(Material provided Opens)

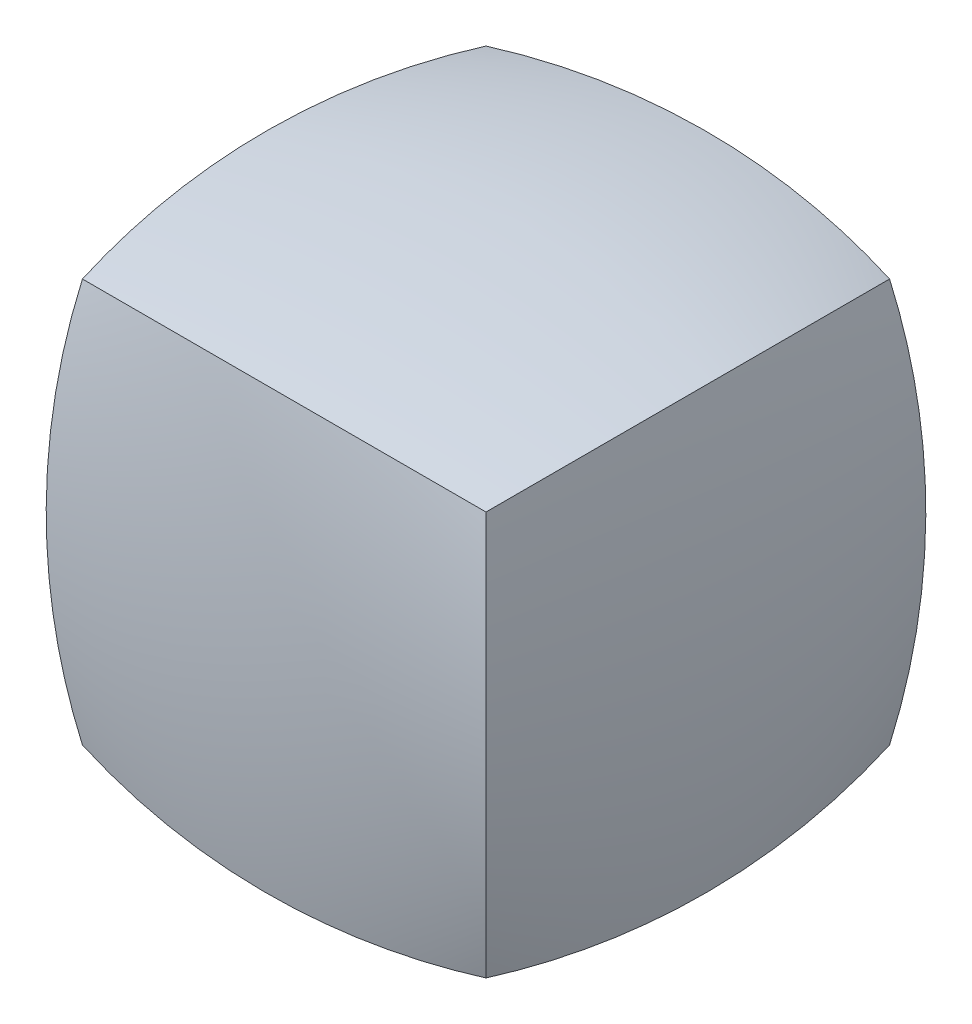
ISO-10303-21;
HEADER;
FILE_DESCRIPTION(('STEP AP214'),'2;1');
FILE_NAME('part.step','',(''),(''),'','','');
FILE_SCHEMA(('AUTOMOTIVE_DESIGN { 1 0 10303 214 1 1 1 1 }'));
ENDSEC;
DATA;
#1=APPLICATION_CONTEXT('core data for automotive mechanical design processes');
#2=APPLICATION_PROTOCOL_DEFINITION('international standard','automotive_design',2000,#1);
#3=PRODUCT_CONTEXT('',#1,'mechanical');
#4=PRODUCT('Part','Part','',(#3));
#5=PRODUCT_RELATED_PRODUCT_CATEGORY('part','',(#4));
#6=PRODUCT_DEFINITION_FORMATION('','',#4);
#7=PRODUCT_DEFINITION_CONTEXT('part definition',#1,'design');
#8=PRODUCT_DEFINITION('design','',#6,#7);
#9=PRODUCT_DEFINITION_SHAPE('','',#8);
#10=(LENGTH_UNIT() NAMED_UNIT(*) SI_UNIT(.MILLI.,.METRE.));
#11=(NAMED_UNIT(*) PLANE_ANGLE_UNIT() SI_UNIT($,.RADIAN.));
#12=(NAMED_UNIT(*) SI_UNIT($,.STERADIAN.) SOLID_ANGLE_UNIT());
#13=UNCERTAINTY_MEASURE_WITH_UNIT(LENGTH_MEASURE(1.E-05),#10,'distance_accuracy_value','');
#14=(GEOMETRIC_REPRESENTATION_CONTEXT(3) GLOBAL_UNCERTAINTY_ASSIGNED_CONTEXT((#13)) GLOBAL_UNIT_ASSIGNED_CONTEXT((#10,
#11,#12)) REPRESENTATION_CONTEXT('',''));
#15=CARTESIAN_POINT('',(0.,0.,0.));
#16=DIRECTION('',(0.,0.,1.));
#17=DIRECTION('',(1.,0.,0.));
#18=AXIS2_PLACEMENT_3D('',#15,#16,#17);
#19=CARTESIAN_POINT('',(-12.7,-12.7000000000001,12.6999999999999));
#20=CARTESIAN_POINT('',(-14.220835289338,-14.220835289338,4.37004205779693));
#21=CARTESIAN_POINT('',(-14.2208352893379,-14.2208352893379,-4.37004205779715));
#22=CARTESIAN_POINT('',(-12.7,-12.6999999999999,-12.7000000000001));
#23=CARTESIAN_POINT('',(-4.37004205779708,-14.2208352893381,14.2208352893378));
#24=CARTESIAN_POINT('',(-4.87698715424304,-15.741670578676,4.87698715424292));
#25=CARTESIAN_POINT('',(-4.87698715424303,-15.7416705786759,-4.87698715424315));
#26=CARTESIAN_POINT('',(-4.37004205779704,-14.2208352893379,-14.220835289338));
#27=CARTESIAN_POINT('',(4.37004205779704,-14.2208352893381,14.2208352893379));
#28=CARTESIAN_POINT('',(4.87698715424304,-15.741670578676,4.87698715424293));
#29=CARTESIAN_POINT('',(4.87698715424304,-15.7416705786759,-4.87698715424314));
#30=CARTESIAN_POINT('',(4.37004205779707,-14.2208352893379,-14.220835289338));
#31=CARTESIAN_POINT('',(12.7,-12.7000000000001,12.6999999999999));
#32=CARTESIAN_POINT('',(14.220835289338,-14.220835289338,4.37004205779697));
#33=CARTESIAN_POINT('',(14.220835289338,-14.2208352893379,-4.37004205779714));
#34=CARTESIAN_POINT('',(12.7,-12.6999999999999,-12.7000000000001));
#35=B_SPLINE_SURFACE_WITH_KNOTS('',3,3,((#19,#20,#21,#22),(#23,#24,#25,#26),(#27,#28,#29,#30),
(#31,#32,#33,#34)),.UNSPECIFIED.,.F.,.F.,.F.,(4,4),(4,4),(0.,1.),(0.,1.),.UNSPECIFIED.);
#36=CARTESIAN_POINT('',(-12.7,-12.7,12.7));
#37=CARTESIAN_POINT('',(-4.37004205779704,-14.220835289338,14.2208352893379));
#38=CARTESIAN_POINT('',(4.37004205779707,-14.220835289338,14.2208352893379));
#39=CARTESIAN_POINT('',(12.7,-12.7,12.7));
#40=B_SPLINE_CURVE_WITH_KNOTS('',3,(#36,#37,#38,#39),.UNSPECIFIED.,.F.,.F.,(4,4),(0.,1.),.UNSPECIFIED.);
#41=CARTESIAN_POINT('',(12.7,-12.7,12.7));
#42=VERTEX_POINT('',#41);
#43=CARTESIAN_POINT('',(-12.7,-12.7,12.7));
#44=VERTEX_POINT('',#43);
#45=EDGE_CURVE('E99',#42,#44,#40,.F.);
#46=CARTESIAN_POINT('',(-12.6999999999999,-12.7000000000001,-12.7));
#47=CARTESIAN_POINT('',(-14.2208352893379,-14.220835289338,-4.37004205779703));
#48=CARTESIAN_POINT('',(-14.2208352893379,-14.220835289338,4.37004205779705));
#49=CARTESIAN_POINT('',(-12.7,-12.7,12.7));
#50=B_SPLINE_CURVE_WITH_KNOTS('',3,(#46,#47,#48,#49),.UNSPECIFIED.,.F.,.F.,(4,4),(0.,1.),.UNSPECIFIED.);
#51=CARTESIAN_POINT('',(-12.7,-12.7,-12.7));
#52=VERTEX_POINT('',#51);
#53=EDGE_CURVE('E61',#44,#52,#50,.F.);
#54=CARTESIAN_POINT('',(-12.7,-12.6999999999999,-12.7000000000001));
#55=CARTESIAN_POINT('',(-4.37004205779708,-14.2208352893378,-14.2208352893381));
#56=CARTESIAN_POINT('',(4.37004205779704,-14.2208352893378,-14.2208352893381));
#57=CARTESIAN_POINT('',(12.7,-12.6999999999999,-12.7000000000001));
#58=B_SPLINE_CURVE_WITH_KNOTS('',3,(#54,#55,#56,#57),.UNSPECIFIED.,.F.,.F.,(4,4),(0.,1.),.UNSPECIFIED.);
#59=CARTESIAN_POINT('',(12.7000000000001,-12.6999999999999,-12.7000000000001));
#60=VERTEX_POINT('',#59);
#61=EDGE_CURVE('E161',#52,#60,#58,.T.);
#62=CARTESIAN_POINT('',(12.7000000000001,-12.6999999999999,-12.7));
#63=CARTESIAN_POINT('',(14.2208352893381,-14.2208352893378,-4.37004205779707));
#64=CARTESIAN_POINT('',(14.2208352893381,-14.2208352893378,4.37004205779704));
#65=CARTESIAN_POINT('',(12.7000000000001,-12.6999999999999,12.7));
#66=B_SPLINE_CURVE_WITH_KNOTS('',3,(#62,#63,#64,#65),.UNSPECIFIED.,.F.,.F.,(4,4),(0.,1.),.UNSPECIFIED.);
#67=EDGE_CURVE('E116',#60,#42,#66,.T.);
#68=ORIENTED_EDGE('',*,*,#45,.T.);
#69=ORIENTED_EDGE('',*,*,#53,.T.);
#70=ORIENTED_EDGE('',*,*,#61,.T.);
#71=ORIENTED_EDGE('',*,*,#67,.T.);
#72=EDGE_LOOP('',(#68,#69,#70,#71));
#73=FACE_BOUND('',#72,.T.);
#74=ADVANCED_FACE('F56',(#73),#35,.F.);
#75=CARTESIAN_POINT('',(-12.6999999999999,-12.7000000000001,-12.7));
#76=CARTESIAN_POINT('',(-14.2208352893379,-14.220835289338,-4.37004205779703));
#77=CARTESIAN_POINT('',(-14.2208352893379,-14.220835289338,4.37004205779705));
#78=CARTESIAN_POINT('',(-12.7,-12.7,12.7));
#79=CARTESIAN_POINT('',(-14.2208352893379,-4.37004205779713,-14.2208352893379));
#80=CARTESIAN_POINT('',(-15.7416705786759,-4.8769871542431,-4.87698715424303));
#81=CARTESIAN_POINT('',(-15.7416705786759,-4.87698715424309,4.87698715424304));
#82=CARTESIAN_POINT('',(-14.2208352893379,-4.37004205779709,14.2208352893379));
#83=CARTESIAN_POINT('',(-14.220835289338,4.37004205779699,-14.220835289338));
#84=CARTESIAN_POINT('',(-15.7416705786759,4.87698715424299,-4.87698715424304));
#85=CARTESIAN_POINT('',(-15.7416705786759,4.87698715424299,4.87698715424303));
#86=CARTESIAN_POINT('',(-14.220835289338,4.37004205779702,14.2208352893379));
#87=CARTESIAN_POINT('',(-12.7,12.6999999999999,-12.7));
#88=CARTESIAN_POINT('',(-14.220835289338,14.2208352893379,-4.37004205779707));
#89=CARTESIAN_POINT('',(-14.220835289338,14.2208352893379,4.37004205779704));
#90=CARTESIAN_POINT('',(-12.7,12.7,12.7));
#91=B_SPLINE_SURFACE_WITH_KNOTS('',3,3,((#75,#76,#77,#78),(#79,#80,#81,#82),(#83,#84,#85,#86),
(#87,#88,#89,#90)),.UNSPECIFIED.,.F.,.F.,.F.,(4,4),(4,4),(0.,1.),(0.,1.),.UNSPECIFIED.);
#92=CARTESIAN_POINT('',(-12.7,-12.6999999999999,-12.7000000000001));
#93=CARTESIAN_POINT('',(-14.220835289338,-4.37004205779688,-14.220835289338));
#94=CARTESIAN_POINT('',(-14.2208352893379,4.3700420577972,-14.2208352893379));
#95=CARTESIAN_POINT('',(-12.7,12.7000000000001,-12.6999999999999));
#96=B_SPLINE_CURVE_WITH_KNOTS('',3,(#92,#93,#94,#95),.UNSPECIFIED.,.F.,.F.,(4,4),(0.,1.),.UNSPECIFIED.);
#97=CARTESIAN_POINT('',(-12.7,12.7,-12.7));
#98=VERTEX_POINT('',#97);
#99=EDGE_CURVE('E107',#98,#52,#96,.F.);
#100=CARTESIAN_POINT('',(-12.7,12.6999999999999,12.7));
#101=CARTESIAN_POINT('',(-14.220835289338,4.37004205779698,14.220835289338));
#102=CARTESIAN_POINT('',(-14.2208352893379,-4.3700420577971,14.2208352893379));
#103=CARTESIAN_POINT('',(-12.7,-12.7,12.7));
#104=B_SPLINE_CURVE_WITH_KNOTS('',3,(#100,#101,#102,#103),.UNSPECIFIED.,.F.,.F.,(4,4),(0.,1.),.UNSPECIFIED.);
#105=CARTESIAN_POINT('',(-12.7,12.7,12.7));
#106=VERTEX_POINT('',#105);
#107=EDGE_CURVE('E105',#44,#106,#104,.F.);
#108=CARTESIAN_POINT('',(-12.7,12.7,-12.7));
#109=CARTESIAN_POINT('',(-14.220835289338,14.220835289338,-4.37004205779703));
#110=CARTESIAN_POINT('',(-14.2208352893379,14.220835289338,4.37004205779705));
#111=CARTESIAN_POINT('',(-12.7,12.7,12.7));
#112=B_SPLINE_CURVE_WITH_KNOTS('',3,(#108,#109,#110,#111),.UNSPECIFIED.,.F.,.F.,(4,4),(0.,1.),.UNSPECIFIED.);
#113=EDGE_CURVE('E79',#106,#98,#112,.F.);
#114=ORIENTED_EDGE('',*,*,#99,.T.);
#115=ORIENTED_EDGE('',*,*,#53,.F.);
#116=ORIENTED_EDGE('',*,*,#107,.T.);
#117=ORIENTED_EDGE('',*,*,#113,.T.);
#118=EDGE_LOOP('',(#114,#115,#116,#117));
#119=FACE_BOUND('',#118,.T.);
#120=ADVANCED_FACE('F104',(#119),#91,.F.);
#121=CARTESIAN_POINT('',(-12.7,12.6999999999999,12.7));
#122=CARTESIAN_POINT('',(-14.220835289338,4.37004205779698,14.220835289338));
#123=CARTESIAN_POINT('',(-14.2208352893379,-4.3700420577971,14.2208352893379));
#124=CARTESIAN_POINT('',(-12.7,-12.7,12.7));
#125=CARTESIAN_POINT('',(-4.37004205779708,14.2208352893379,14.220835289338));
#126=CARTESIAN_POINT('',(-4.87698715424304,4.87698715424297,15.7416705786759));
#127=CARTESIAN_POINT('',(-4.87698715424303,-4.87698715424309,15.7416705786759));
#128=CARTESIAN_POINT('',(-4.37004205779704,-14.220835289338,14.2208352893379));
#129=CARTESIAN_POINT('',(4.37004205779704,14.2208352893379,14.220835289338));
#130=CARTESIAN_POINT('',(4.87698715424304,4.87698715424299,15.7416705786759));
#131=CARTESIAN_POINT('',(4.87698715424304,-4.87698715424309,15.7416705786759));
#132=CARTESIAN_POINT('',(4.37004205779707,-14.220835289338,14.2208352893379));
#133=CARTESIAN_POINT('',(12.7,12.7,12.7));
#134=CARTESIAN_POINT('',(14.220835289338,4.37004205779702,14.220835289338));
#135=CARTESIAN_POINT('',(14.220835289338,-4.37004205779709,14.2208352893379));
#136=CARTESIAN_POINT('',(12.7,-12.7,12.7));
#137=B_SPLINE_SURFACE_WITH_KNOTS('',3,3,((#121,#122,#123,#124),(#125,#126,#127,#128),(#129,#130,
#131,#132),(#133,#134,#135,#136)),.UNSPECIFIED.,.F.,.F.,.F.,(4,4),(4,4),(0.,1.),(0.,1.),.UNSPECIFIED.);
#138=CARTESIAN_POINT('',(-12.7,12.7,12.7));
#139=CARTESIAN_POINT('',(-4.37004205779704,14.220835289338,14.2208352893379));
#140=CARTESIAN_POINT('',(4.37004205779707,14.220835289338,14.2208352893379));
#141=CARTESIAN_POINT('',(12.7,12.7,12.7));
#142=B_SPLINE_CURVE_WITH_KNOTS('',3,(#138,#139,#140,#141),.UNSPECIFIED.,.F.,.F.,(4,4),(0.,1.),.UNSPECIFIED.);
#143=CARTESIAN_POINT('',(12.7,12.7,12.7));
#144=VERTEX_POINT('',#143);
#145=EDGE_CURVE('E113',#144,#106,#142,.F.);
#146=CARTESIAN_POINT('',(12.6999999999999,12.7000000000001,12.7));
#147=CARTESIAN_POINT('',(14.2208352893379,4.37004205779719,14.2208352893379));
#148=CARTESIAN_POINT('',(14.220835289338,-4.37004205779692,14.2208352893379));
#149=CARTESIAN_POINT('',(12.7000000000001,-12.6999999999999,12.7));
#150=B_SPLINE_CURVE_WITH_KNOTS('',3,(#146,#147,#148,#149),.UNSPECIFIED.,.F.,.F.,(4,4),(0.,1.),.UNSPECIFIED.);
#151=EDGE_CURVE('E118',#42,#144,#150,.F.);
#152=ORIENTED_EDGE('',*,*,#145,.T.);
#153=ORIENTED_EDGE('',*,*,#107,.F.);
#154=ORIENTED_EDGE('',*,*,#45,.F.);
#155=ORIENTED_EDGE('',*,*,#151,.T.);
#156=EDGE_LOOP('',(#152,#153,#154,#155));
#157=FACE_BOUND('',#156,.T.);
#158=ADVANCED_FACE('F112',(#157),#137,.F.);
#159=CARTESIAN_POINT('',(12.6999999999999,12.7000000000002,-12.7));
#160=CARTESIAN_POINT('',(14.2208352893378,14.2208352893381,-4.37004205779703));
#161=CARTESIAN_POINT('',(14.2208352893378,14.2208352893381,4.37004205779705));
#162=CARTESIAN_POINT('',(12.6999999999999,12.7000000000001,12.7));
#163=CARTESIAN_POINT('',(14.2208352893379,4.37004205779723,-14.2208352893379));
#164=CARTESIAN_POINT('',(15.7416705786759,4.87698715424321,-4.87698715424303));
#165=CARTESIAN_POINT('',(15.7416705786759,4.8769871542432,4.87698715424304));
#166=CARTESIAN_POINT('',(14.2208352893379,4.37004205779719,14.2208352893379));
#167=CARTESIAN_POINT('',(14.220835289338,-4.37004205779689,-14.220835289338));
#168=CARTESIAN_POINT('',(15.741670578676,-4.87698715424288,-4.87698715424304));
#169=CARTESIAN_POINT('',(15.741670578676,-4.87698715424288,4.87698715424303));
#170=CARTESIAN_POINT('',(14.220835289338,-4.37004205779692,14.2208352893379));
#171=CARTESIAN_POINT('',(12.7000000000001,-12.6999999999999,-12.7));
#172=CARTESIAN_POINT('',(14.2208352893381,-14.2208352893378,-4.37004205779707));
#173=CARTESIAN_POINT('',(14.2208352893381,-14.2208352893378,4.37004205779704));
#174=CARTESIAN_POINT('',(12.7000000000001,-12.6999999999999,12.7));
#175=B_SPLINE_SURFACE_WITH_KNOTS('',3,3,((#159,#160,#161,#162),(#163,#164,#165,#166),(#167,#168,
#169,#170),(#171,#172,#173,#174)),.UNSPECIFIED.,.F.,.F.,.F.,(4,4),(4,4),(0.,1.),(0.,1.),.UNSPECIFIED.);
#176=CARTESIAN_POINT('',(12.7,-12.6999999999999,-12.7000000000001));
#177=CARTESIAN_POINT('',(14.220835289338,-4.37004205779692,-14.220835289338));
#178=CARTESIAN_POINT('',(14.220835289338,4.37004205779719,-14.2208352893379));
#179=CARTESIAN_POINT('',(12.7,12.7000000000001,-12.6999999999999));
#180=B_SPLINE_CURVE_WITH_KNOTS('',3,(#176,#177,#178,#179),.UNSPECIFIED.,.F.,.F.,(4,4),(0.,1.),.UNSPECIFIED.);
#181=CARTESIAN_POINT('',(12.6999999999999,12.7000000000001,-12.7));
#182=VERTEX_POINT('',#181);
#183=EDGE_CURVE('E152',#60,#182,#180,.T.);
#184=CARTESIAN_POINT('',(12.7,12.7,-12.7));
#185=CARTESIAN_POINT('',(14.220835289338,14.220835289338,-4.37004205779707));
#186=CARTESIAN_POINT('',(14.220835289338,14.2208352893379,4.37004205779704));
#187=CARTESIAN_POINT('',(12.7,12.7,12.7));
#188=B_SPLINE_CURVE_WITH_KNOTS('',3,(#184,#185,#186,#187),.UNSPECIFIED.,.F.,.F.,(4,4),(0.,1.),.UNSPECIFIED.);
#189=EDGE_CURVE('E70',#182,#144,#188,.T.);
#190=ORIENTED_EDGE('',*,*,#183,.T.);
#191=ORIENTED_EDGE('',*,*,#189,.T.);
#192=ORIENTED_EDGE('',*,*,#151,.F.);
#193=ORIENTED_EDGE('',*,*,#67,.F.);
#194=EDGE_LOOP('',(#190,#191,#192,#193));
#195=FACE_BOUND('',#194,.T.);
#196=ADVANCED_FACE('F204',(#195),#175,.F.);
#197=CARTESIAN_POINT('',(-12.7,-12.6999999999999,-12.7000000000001));
#198=CARTESIAN_POINT('',(-14.220835289338,-4.37004205779688,-14.220835289338));
#199=CARTESIAN_POINT('',(-14.2208352893379,4.3700420577972,-14.2208352893379));
#200=CARTESIAN_POINT('',(-12.7,12.7000000000001,-12.6999999999999));
#201=CARTESIAN_POINT('',(-4.37004205779708,-14.2208352893378,-14.2208352893381));
#202=CARTESIAN_POINT('',(-4.87698715424304,-4.87698715424286,-15.741670578676));
#203=CARTESIAN_POINT('',(-4.87698715424303,4.8769871542432,-15.7416705786759));
#204=CARTESIAN_POINT('',(-4.37004205779704,14.2208352893381,-14.2208352893378));
#205=CARTESIAN_POINT('',(4.37004205779704,-14.2208352893378,-14.2208352893381));
#206=CARTESIAN_POINT('',(4.87698715424304,-4.87698715424288,-15.741670578676));
#207=CARTESIAN_POINT('',(4.87698715424304,4.8769871542432,-15.7416705786758));
#208=CARTESIAN_POINT('',(4.37004205779707,14.2208352893381,-14.2208352893378));
#209=CARTESIAN_POINT('',(12.7,-12.6999999999999,-12.7000000000001));
#210=CARTESIAN_POINT('',(14.220835289338,-4.37004205779692,-14.220835289338));
#211=CARTESIAN_POINT('',(14.220835289338,4.37004205779719,-14.2208352893379));
#212=CARTESIAN_POINT('',(12.7,12.7000000000001,-12.6999999999999));
#213=B_SPLINE_SURFACE_WITH_KNOTS('',3,3,((#197,#198,#199,#200),(#201,#202,#203,#204),(#205,#206,
#207,#208),(#209,#210,#211,#212)),.UNSPECIFIED.,.F.,.F.,.F.,(4,4),(4,4),(0.,1.),(0.,1.),.UNSPECIFIED.);
#214=CARTESIAN_POINT('',(-12.7,12.7,-12.7));
#215=CARTESIAN_POINT('',(-4.37004205779708,14.220835289338,-14.2208352893379));
#216=CARTESIAN_POINT('',(4.37004205779704,14.220835289338,-14.220835289338));
#217=CARTESIAN_POINT('',(12.7,12.7,-12.7));
#218=B_SPLINE_CURVE_WITH_KNOTS('',3,(#214,#215,#216,#217),.UNSPECIFIED.,.F.,.F.,(4,4),(0.,1.),.UNSPECIFIED.);
#219=EDGE_CURVE('E13',#98,#182,#218,.T.);
#220=ORIENTED_EDGE('',*,*,#61,.F.);
#221=ORIENTED_EDGE('',*,*,#99,.F.);
#222=ORIENTED_EDGE('',*,*,#219,.T.);
#223=ORIENTED_EDGE('',*,*,#183,.F.);
#224=EDGE_LOOP('',(#220,#221,#222,#223));
#225=FACE_BOUND('',#224,.T.);
#226=ADVANCED_FACE('F208',(#225),#213,.F.);
#227=CARTESIAN_POINT('',(-12.7,12.7,-12.7));
#228=CARTESIAN_POINT('',(-14.220835289338,14.220835289338,-4.37004205779703));
#229=CARTESIAN_POINT('',(-14.2208352893379,14.220835289338,4.37004205779705));
#230=CARTESIAN_POINT('',(-12.7,12.7,12.7));
#231=CARTESIAN_POINT('',(-4.37004205779708,14.220835289338,-14.2208352893379));
#232=CARTESIAN_POINT('',(-4.87698715424304,15.7416705786759,-4.87698715424303));
#233=CARTESIAN_POINT('',(-4.87698715424303,15.7416705786759,4.87698715424304));
#234=CARTESIAN_POINT('',(-4.37004205779704,14.220835289338,14.2208352893379));
#235=CARTESIAN_POINT('',(4.37004205779704,14.220835289338,-14.220835289338));
#236=CARTESIAN_POINT('',(4.87698715424304,15.7416705786759,-4.87698715424304));
#237=CARTESIAN_POINT('',(4.87698715424304,15.7416705786759,4.87698715424303));
#238=CARTESIAN_POINT('',(4.37004205779707,14.220835289338,14.2208352893379));
#239=CARTESIAN_POINT('',(12.7,12.7,-12.7));
#240=CARTESIAN_POINT('',(14.220835289338,14.220835289338,-4.37004205779707));
#241=CARTESIAN_POINT('',(14.220835289338,14.2208352893379,4.37004205779704));
#242=CARTESIAN_POINT('',(12.7,12.7,12.7));
#243=B_SPLINE_SURFACE_WITH_KNOTS('',3,3,((#227,#228,#229,#230),(#231,#232,#233,#234),(#235,#236,
#237,#238),(#239,#240,#241,#242)),.UNSPECIFIED.,.F.,.F.,.F.,(4,4),(4,4),(0.,1.),(0.,1.),.UNSPECIFIED.);
#244=ORIENTED_EDGE('',*,*,#219,.F.);
#245=ORIENTED_EDGE('',*,*,#113,.F.);
#246=ORIENTED_EDGE('',*,*,#145,.F.);
#247=ORIENTED_EDGE('',*,*,#189,.F.);
#248=EDGE_LOOP('',(#244,#245,#246,#247));
#249=FACE_BOUND('',#248,.T.);
#250=ADVANCED_FACE('F206',(#249),#243,.F.);
#251=CLOSED_SHELL('',(#74,#120,#158,#196,#226,#250));
#252=MANIFOLD_SOLID_BREP('B2',#251);
#253=ADVANCED_BREP_SHAPE_REPRESENTATION('',(#18,#252),#14);
#254=SHAPE_DEFINITION_REPRESENTATION(#9,#253);
ENDSEC;
END-ISO-10303-21;

(Material provided Closes)

# What you need to do
Reproduce the lines from the one containing "#252=MANIFOLD_SOLID_BREP('B2',#251);" to the end of the entries, keeping both ends and adding nothing.

# Output below
#252=MANIFOLD_SOLID_BREP('B2',#251);
#253=ADVANCED_BREP_SHAPE_REPRESENTATION('',(#18,#252),#14);
#254=SHAPE_DEFINITION_REPRESENTATION(#9,#253);
ENDSEC;
END-ISO-10303-21;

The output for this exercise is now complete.